Sue had a long, intensely vigorous day at the clinic, where she was pushed physically and had her comfort levels healthily challenged. She arrived home shortly after sunset. Simultaneously, as they often do as night falls, my little health challenge worsened. Most disturbingly, I had the distinct sensation that it was entering the upper part of my lungs. How perfect! Deeper surrender, again.

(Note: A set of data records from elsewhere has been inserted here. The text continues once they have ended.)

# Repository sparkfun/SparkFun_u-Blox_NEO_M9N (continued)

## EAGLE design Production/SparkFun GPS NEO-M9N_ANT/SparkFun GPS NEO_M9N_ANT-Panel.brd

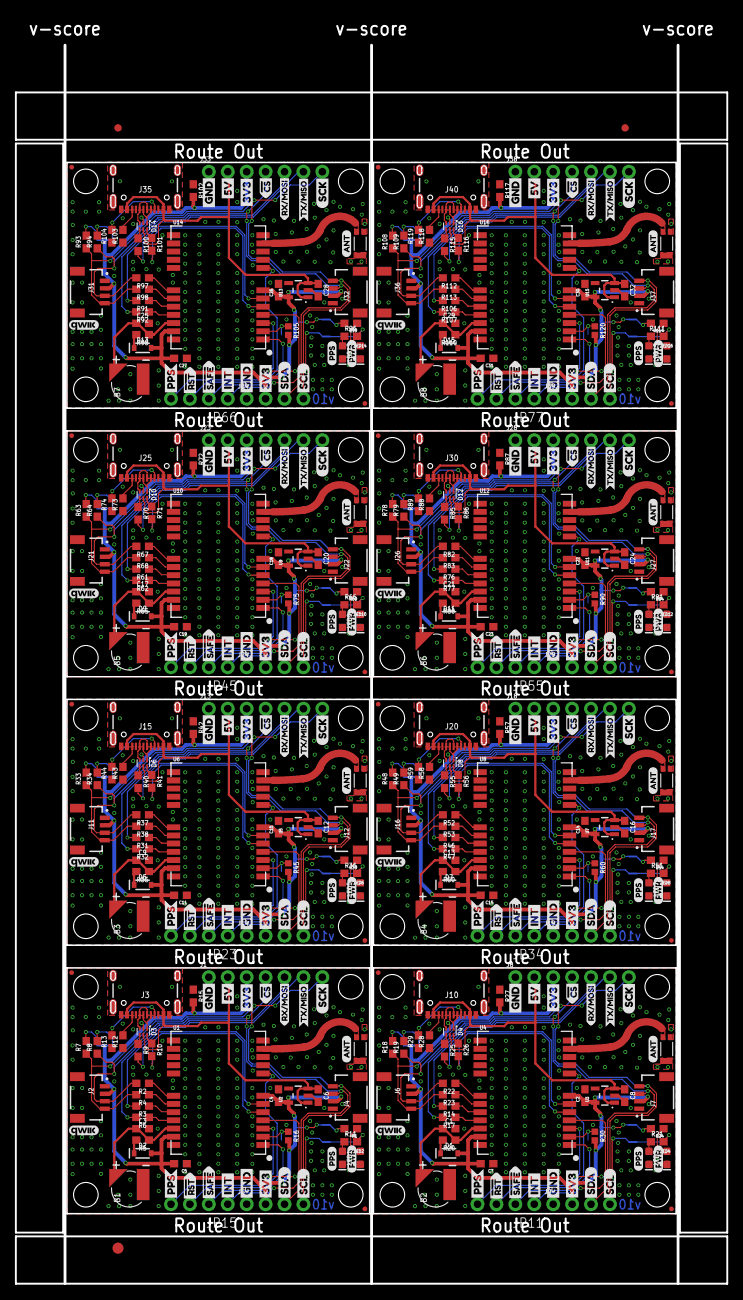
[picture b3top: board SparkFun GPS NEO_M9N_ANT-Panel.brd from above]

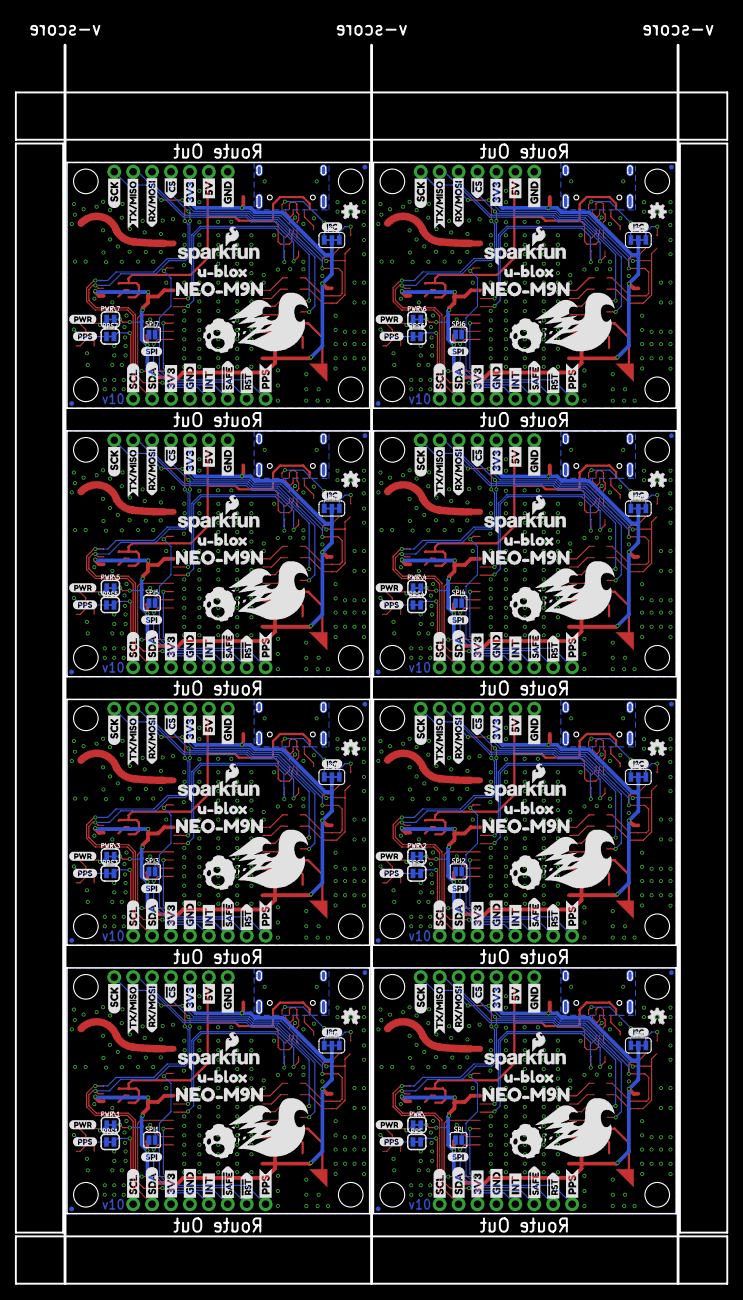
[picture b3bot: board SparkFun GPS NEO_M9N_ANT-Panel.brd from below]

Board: 2 copper layers, 95.5 x 166.3 mm, 707 parts (240 on the bottom side), 272 nets.

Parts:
B1, B2, B3, B4, B5, B6, B7, B8: 6.8MM_COIN_CELL; ML414H_IV01E
C1, C2, C3, C4, C6, C8, C9, C10, C12, C13, C14, C16, C17, C18, C20, C21, C22, C24, C25, C26, C28, C29, C30, C32: 1.0uF; 0603
C5, C7, C11, C15, C19, C23, C27, C31: 0.1uF; 0603
D1, D2, D5, D7, D9, D11, D13, D15: 0.5A/40V/420mV; SOD-323
D3, D4, D6, D8, D10, D12, D14, D16: PRTR5V0U2F; SOT886
E$1, E$2: FIDUCIAL-1X2
E$3: FIDUCIAL-1.5X3
J1, J8, J13, J18, J23, J28, J33, J38: 1X07_NO_SILK
J2, J4, J6, J7, J11, J12, J16, J17, J21, J22, J26, J27, J31, J32, J36, J37: Qwiic Right Angle; JST04_1MM_RA
J3, J10, J15, J20, J25, J30, J35, J40: USB-C-16P
J5, J9, J14, J19, J24, J29, J34, J39: 1X04_NO_SILK
JP1, JP2, JP9, JP10, JP12, JP13, JP20, JP22, JP24, JP25, JP31, JP32, JP33, JP35, JP36, JP41, JP43, JP44, JP46, JP47, JP53, JP54, JP56, JP57, JP64, JP65, JP67, JP68, JP75, JP76, JP91, JP101: STAND-OFF
JP3, JP4, JP7, JP8, JP14, JP16, JP18, JP19, JP21, JP26, JP27, JP29, JP30, JP37, JP38, JP40, JP42, JP48, JP49, JP51, JP52, JP58, JP59, JP61, JP62, JP63, JP69, JP70, JP71, JP73, JP74, JP81: FIDUCIALUFIDUCIAL; MICRO-FIDUCIAL
JP5, JP6, JP17, JP28, JP39, JP50, JP60, JP72: JUMPER-SMT_3_2-NC_TRACE_SILK; SMT-JUMPER_3_2-NC_TRACE_SILK
JP11, JP15, JP23, JP34, JP45, JP55, JP66, JP77: 1X04_NO_SILK
LED1, LED3, LED5, LED7, LED9, LED11, LED13, LED15: BLUE; LED-0603
LED2, LED4, LED6, LED8, LED10, LED12, LED14, LED16: RED; LED-0603
LOGO1, LOGO3, LOGO5, LOGO7, LOGO9, LOGO11, LOGO13, LOGO15: OSHW-LOGOMINI; OSHW-LOGO-MINI
LOGO2, LOGO4, LOGO6, LOGO8, LOGO10, LOGO12, LOGO14, LOGO16: SFE_LOGO_NAME_FLAME.1_INCH; SFE_LOGO_NAME_FLAME_.1
PPS, PPS1, PPS2, PPS3, PPS4, PPS5, PPS6, PPS7: JUMPER-SMT_2_NC_TRACE_SILK; SMT-JUMPER_2_NC_TRACE_SILK
PWR\, PWR\1, PWR\2, PWR\3, PWR\4, PWR\5, PWR\6, PWR\7: JUMPER-SMT_2_NC_TRACE_SILK; SMT-JUMPER_2_NC_TRACE_SILK
R1, R5, R11, R20, R21, R24, R35, R36, R39, R50, R51, R54, R65, R66, R69, R80, R81, R84, R95, R96, R99, R110, R111, R114: 1k; 0603
R2, R3, R4, R6, R14, R17, R22, R23, R31, R32, R37, R38, R46, R47, R52, R53, R61, R62, R67, R68, R76, R77, R82, R83, R91, R92, R97, R98, R106, R107, R112, R113: 33; 0603
R7, R8, R18, R19, R33, R34, R48, R49, R63, R64, R78, R79, R93, R94, R108, R109: 2.2k; 0603
R9, R10, R25, R26, R40, R41, R55, R56, R70, R71, R85, R86, R100, R101, R115, R116: 27; 0603
R12, R13, R28, R29, R43, R44, R58, R59, R73, R74, R88, R89, R103, R104, R118, R119: 5.1k; 0603
R15, R27, R42, R57, R72, R87, R102, R117: 100k; 0603
R16, R30, R45, R60, R75, R90, R105, R120: 10k; 0402
SPI, SPI1, SPI2, SPI3, SPI4, SPI5, SPI6, SPI7: JUMPER-SMT_2_NO_SILK; SMT-JUMPER_2_NO_SILK
U1, U4, U6, U8, U10, U12, U14, U16: U-BLOX_NEO-M9N; NEO-M9N
U2, U3, U5, U7, U9, U11, U13, U15: 3.3V; SOT23-5
U$1, U$4, U$25, U$28, U$83, U$85, U$124, U$126, U$165, U$167, U$206, U$208, U$247, U$249, U$288, U$290: SDA-[)
U$2, U$76, U$117, U$158, U$199, U$240, U$281, U$322: NEO#M9N1
U$3, U$5, U$27, U$29, U$84, U$86, U$125, U$127, U$166, U$168, U$207, U$209, U$248, U$250, U$289, U$291: SCL-[)
U$6, U$7, U$30, U$32, U$57, U$58, U$60, U$61, U$87, U$88, U$102, U$103, U$128, U$129, U$143, U$144, U$169, U$170, U$184, U$185, U$210, U$211, U$225, U$226, U$251, U$252, U$266, U$267, U$292, U$293, U$307, U$308: 3V3-04
U$8, U$9, U$33, U$42, U$59, U$62, U$63, U$64, U$89, U$90, U$104, U$105, U$130, U$131, U$145, U$146, U$171, U$172, U$186, U$187, U$212, U$213, U$227, U$228, U$253, U$254, U$268, U$269, U$294, U$295, U$309, U$310: GND-04
U$10, U$45, U$91, U$132, U$173, U$214, U$255, U$296: I_SUPER2_C-()-03
U$11, U$77, U$118, U$159, U$200, U$241, U$282, U$323: SPI1
U$12, U$52, U$56, U$79, U$101, U$120, U$142, U$161, U$183, U$202, U$224, U$243, U$265, U$284, U$306, U$325: PPS0
U$13, U$81, U$122, U$163, U$204, U$245, U$286, U$327: ANT0
U$14, U$78, U$119, U$160, U$201, U$242, U$283, U$324: QWIIC_4MM
U$15, U$16, U$46, U$47, U$92, U$93, U$133, U$134, U$174, U$175, U$215, U$216, U$256, U$257, U$297, U$298: INT8
U$17, U$80, U$121, U$162, U$203, U$244, U$285, U$326: PWR1
U$18, U$65, U$106, U$147, U$188, U$229, U$270, U$311: PWR-()-03
U$19, U$20, U$66, U$67, U$107, U$108, U$148, U$149, U$189, U$190, U$230, U$231, U$271, U$272, U$312, U$313: 5V
U$21, U$82, U$123, U$164, U$205, U$246, U$287, U$328: NEO_GPS_BOARD_SILK_FINAL#03#JPG
U$22, U$48, U$94, U$135, U$176, U$217, U$258, U$299: U#BLOX3
U$23, U$24, U$68, U$69, U$109, U$110, U$150, U$151, U$191, U$192, U$232, U$233, U$273, U$274, U$314, U$315: CS#-<]
U$26, U$72, U$113, U$154, U$195, U$236, U$277, U$318: RX#MOSI2
U$31, U$73, U$114, U$155, U$196, U$237, U$278, U$319: RX#MOSI3
U$34, U$74, U$115, U$156, U$197, U$238, U$279, U$320: TX#MISO0
U$35, U$36, U$49, U$50, U$95, U$96, U$136, U$137, U$177, U$178, U$218, U$219, U$259, U$260, U$300, U$301: #RST3
U$37, U$75, U$116, U$157, U$198, U$239, U$280, U$321: TX#MISO1
U$38, U$41, U$70, U$71, U$111, U$112, U$152, U$153, U$193, U$194, U$234, U$235, U$275, U$276, U$316, U$317: SCK-(]-04
U$39, U$40, U$51, U$53, U$97, U$98, U$138, U$139, U$179, U$180, U$220, U$221, U$261, U$262, U$302, U$303: #SAFE1
U$43, U$44, U$54, U$55, U$99, U$100, U$140, U$141, U$181, U$182, U$222, U$223, U$263, U$264, U$304, U$305: PPS5
Y1, Y2, Y3, Y4, Y5, Y6, Y7, Y8: GPS_CHIP_ANTENNAW3011; W3011

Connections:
3.3V: C4.1, C5.2, D2.A, J1.3, J2.2, J4.2, J5.2, JP5.2, PWR\.2, R15.2, R16.2, U1.7, U1.23, U2.5
3.3V1: C2.1, C7.2, D1.A, J6.2, J7.2, J8.3, J9.2, JP6.2, PWR\1.2, R27.2, R30.2, U3.5, U4.7, U4.23
3.3V2: C10.1, C11.2, D5.A, J11.2, J12.2, J13.3, J14.2, JP17.2, PWR\2.2, R42.2, R45.2, U5.5, U6.7, U6.23
3.3V3: C14.1, C15.2, D7.A, J16.2, J17.2, J18.3, J19.2, JP28.2, PWR\3.2, R57.2, R60.2, U7.5, U8.7, U8.23
3.3V4: C18.1, C19.2, D9.A, J21.2, J22.2, J23.3, J24.2, JP39.2, PWR\4.2, R72.2, R75.2, U9.5, U10.7, U10.23
3.3V5: C22.1, C23.2, D11.A, J26.2, J27.2, J28.3, J29.2, JP50.2, PWR\5.2, R87.2, R90.2, U11.5, U12.7, U12.23
3.3V6: C26.1, C27.2, D13.A, J31.2, J32.2, J33.3, J34.2, JP60.2, PWR\6.2, R102.2, R105.2, U13.5, U14.7, U14.23
3.3V7: C30.1, C31.2, D15.A, J36.2, J37.2, J38.3, J39.2, JP72.2, PWR\7.2, R117.2, R120.2, U15.5, U16.7, U16.23
5V: C6.1, D3.5, J1.2, J3.VBUS1, J3.VBUS2, U2.1, U2.3
5V1: C8.1, D4.5, J8.2, J10.VBUS1, J10.VBUS2, U3.1, U3.3
5V2: C12.1, D6.5, J13.2, J15.VBUS1, J15.VBUS2, U5.1, U5.3
5V3: C16.1, D8.5, J18.2, J20.VBUS1, J20.VBUS2, U7.1, U7.3
5V4: C20.1, D10.5, J23.2, J25.VBUS1, J25.VBUS2, U9.1, U9.3
5V5: C24.1, D12.5, J28.2, J30.VBUS1, J30.VBUS2, U11.1, U11.3
5V6: C28.1, D14.5, J33.2, J35.VBUS1, J35.VBUS2, U13.1, U13.3
5V7: C32.1, D16.5, J38.2, J40.VBUS1, J40.VBUS2, U15.1, U15.3
!RESET: JP15.3, U1.8
!RESET1: JP11.3, U4.8
!RESET2: JP23.3, U6.8
!RESET3: JP34.3, U8.8
!RESET4: JP45.3, U10.8
!RESET5: JP55.3, U12.8
!RESET6: JP66.3, U14.8
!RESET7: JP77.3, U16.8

A cough was starting to show up, as well. Silently regretting having given a friend the last of a bottle of my favorite cough formula, which I had with me ‘by mistake’ when I discovered he needed it Thursday night, I searched the cupboards for more, or a suitable substitute. Sue had already suggested some ginger tea, which might push it out before the pathogen became lodged in the lungs. She had also already taken a hot bath and gone to bed. I found a nearly empty, and very old bottle of Qing Fei Tang, a very effective formula for the ‘right’ cough, and a couple of other promising choices. I took them all, and immediately started sneezing violently with simultaneous chills and fever, chills dominant. This is actually a good sign, because it suggests that the pathogen is still, or has suddenly moved back, to the exterior and out of the lungs.
Sue came out of her bedroom for something just then, and we celebrated this news, and she reminded me to make the ginger tea, which I had already forgotten. I’m back in bed, and the pathogen is definitely back in my head. My ginger tea is about gone, and it’s time for sleep.
Who knows what’s in store for tomorrow? As usual, I’ll be the last to know.